# Reactivating mead



## Pilgarlic56 (Aug 6, 2010)

Hard to say on the information provided. On what basis do you say it failed to complete fermenting? Do you have hydrometer readings? If so, it would be helpful to know 1) Original Gravity, 2) Current Gravity, 3) Recipe, 4) Specific Yeast used, 5) Fermentation regimen, i.e., temperature, stability of temperature or lack thereof, et cet 6) Is it in Primary or Secondary?. If the fermentation has indeed stopped prematurely, it could be for any number of reasons: Lack of nutrients, PH, Temp, Alcohol, et cet. Without knowing whether indeed the fermentation failed to complete and, if it did, why, one can't say how best to revive it.


----------



## Jorge (Sep 24, 2002)

Pilgarlic56, thanks for the reply. 
You are right, there are lots of variables. So, this is it:
I started with fresh honey (13lbs honey in 5 gal water). Most pasteurized at 145-150oF for ~10 min. The whole thing was let to cool at room temperature. I used Lalvin Bourgovin RC 212 (sold by Dadant), one pack (5 grams) + ½ tsp per gal (= 2.5 tsp) nutrients (Crosby & Baker Ltd.,yeast energizer) activated carefully as recommended on the package. 
I kept the fermenter sealed with an air lock at around 70-75 oF pretty constant.
First densitometry reading (Sept 28th): 1.091. Current reading: 1.034. Never saw strong fermentation.
I am not sure what you mean by "6) Is it in Primary or Secondary?" so I can't tell. I have not measured the pH, but I did not add anything to modify that to begin with.

Can you give me any suggestions with this info?

Thanks a lot!!


----------



## Ben Brewcat (Oct 27, 2004)

How did they recommend reactivating (I assume the yeast and not the fertilizer)? Did you use energizer or nutrients (they're different)? And did you do anything to aerate/oxygenate at pitching? (DON'T now, either way). Certainly it's lagging a bit at this point, but it'd be interesting to see if there's a SG change over time (still trickling along). It's only at about 7.5%, way below what the yeast can handle if in good health. 
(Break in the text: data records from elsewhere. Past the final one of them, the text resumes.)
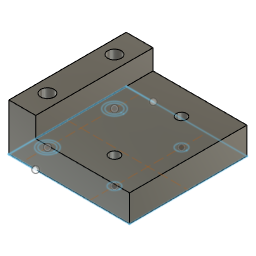
droy-front v4 (Autodesk Fusion 360 design; units mm, degrees)
Autodesk Fusion 360 part; units mm, degrees
sketch "Sketch2" plane through (0, 0, 0) normal (0, 0, 1) x (1, 0, 0)
  line L0 (-0.1454, 35.3341) -> (35.8546, 35.3341)
  line L1 (35.8546, 35.3341) -> (35.8546, 0.3341)
  line L2 (35.8546, 0.3341) -> (-0.1454, 0.3341)
  line L3 (-0.1454, 0.3341) -> (-0.1454, 35.3341)
  line L4 (-0.1454, 17.8341) -> (35.8546, 17.8341) construction
  line L5 (23.8546, 0.3341) -> (23.8546, 35.3341) construction
  circle A0 centre (23.8546, 27.8341) radius 1.55
  circle A1 centre (23.8546, 7.8341) radius 1.55
  line L6 (3.8546, 35.3341) -> (3.8546, 0.3341) construction
  circle A2 centre (3.8546, 27.8341) radius 2
  circle A3 centre (3.8546, 7.8341) radius 2
  circle A4 centre (3.8546, 27.8341) radius 2.7
  circle A5 centre (3.8546, 7.8341) radius 2.7
  line L7 (-0.1454, 0.3341) -> (7.8546, 0.3341)
  line L8 (7.8546, 35.4069) -> (-0.1454, 35.4069)
  line L9 (-0.1454, 35.4069) -> (-0.1454, 0.3341)
  dimension "d22" = 36
  dimension "d23" = 35
  dimension "d24" = 3.1
  dimension "d25" = 3.1
  dimension "d26" = 10
  dimension "d27" = 10
  dimension "d28" = 12
  dimension "d29" = 4
  dimension "d30" = 4
  dimension "d31" = 4
  dimension "d32" = 10
  dimension "d33" = 10
  dimension "d34" = 5.4
  dimension "d35" = 5.4
  dimension "d40" = 8
  constraint horizontal L0
  constraint vertical L1
  constraint horizontal L2
  constraint vertical L3
  constraint midpoint L3 L4.start
  constraint midpoint L1 L4.end
  constraint coincident L2 L5.start
  constraint perpendicular L2 L5
  constraint coincident L0 L5.end
  constraint coincident L5 A0.centre
  constraint coincident L5 A1.centre
  constraint coincident L0 L6.start
  constraint perpendicular L0 L6
  constraint coincident L2 L6.end
  constraint coincident L6 A2.centre
  constraint coincident L6 A3.centre
  constraint concentric A2 A4
  constraint concentric A3 A5
  constraint horizontal L7
  constraint horizontal L8
  constraint vertical L9
  measures "d22" distance of L0.start L0.end
  measures "d23" distance of L0.start L2.end
  measures "d24" diameter of A0
  measures "d25" diameter of A1
  measures "d26" distance of L4 A0.centre
  measures "d27" distance of L4 A1.centre
  measures "d28" distance of L1 L5
  measures "d29" distance of L3 L6
  measures "d30" diameter of A2
  measures "d31" diameter of A3
  measures "d32" distance of L4 A2.centre
  measures "d33" distance of L4 A3.centre
  measures "d34" diameter of A4
  measures "d35" diameter of A5
  measures "d40" distance of L2.end L7.end
extrude "Extrude5" add sketch "Sketch2" along normal blind 8 contours L0 L1 L2 L3 L7 L9 | A4 | A5
extrude "Extrude6" cut sketch "Sketch2" along normal blind 6 contours A4 | A5
sketch "Sketch3" plane through (0, 0, 8) normal (0, 0, 1) x (-1, 0, 0)
  circle A0 centre (-23.8546, -7.8341) radius 1.55
  circle A1 centre (-3.8546, -7.8341) radius 2
  circle A2 centre (-23.8546, -27.8341) radius 1.55
  circle A3 centre (-3.8546, -27.8341) radius 2
  line L0 (0.1454, -0.3341) -> (-35.8546, -0.3341)
  line L1 (-35.8546, -0.3341) -> (-35.8546, -35.3341)
  line L2 (-35.8546, -35.3341) -> (0.1454, -35.3341)
  line L3 (0.1454, -35.3341) -> (0.1454, -0.3341)
  line L4 (0.1454, -0.3341) -> (-7.8546, -0.3341)
  line L5 (-7.8546, -0.3341) -> (-7.8546, -35.3341)
  line L6 (-7.8546, -35.3341) -> (0.1454, -35.3341)
  line L7 (0.1454, -35.3341) -> (0.1454, -0.3341)
  dimension "d45" = 8
  dimension "d46" = 35
  constraint horizontal L4
  constraint vertical L5
  constraint horizontal L6
  constraint vertical L7
  constraint coincident L0.start L3.end
  measures "d45" distance of L0.start L4.end
  measures "d46" distance of L0.start L2.end
extrude "Extrude9" add sketch "Sketch3" along normal blind 6 contours L0 L2 L3 L4 L5 L6 L7

Certainly you could repitch some additional yeast, properly rehydrated and oxygenated first (see the stickied thread for dry-yeast tips). For a couple bucks it's cheap insurance.


----------



## Pilgarlic56 (Aug 6, 2010)

Because of your recipe I wouldn't guess that your fermentation is being held back or stalled by Ph. Temp, too, looks okay. That would leave initial oxygenation or nutrients/energizer. I'm guessing nutrients/energizer. Unfortunately, labeling of additives isn't consistent. You need a source of Free Amino Nitrogen (FAN, often in the form of diammonium phospate (DAP), and also a source of micronutrients (often including spent yeast hulls). I looked at the Crosby and Baker product and couldn't tell what it contains, although it mentioned "nutrients". It may pay to add DAP at this point, and/or micronutrients.


----------



## Jorge (Sep 24, 2002)

OK. Thanks for the advice, guys!


----------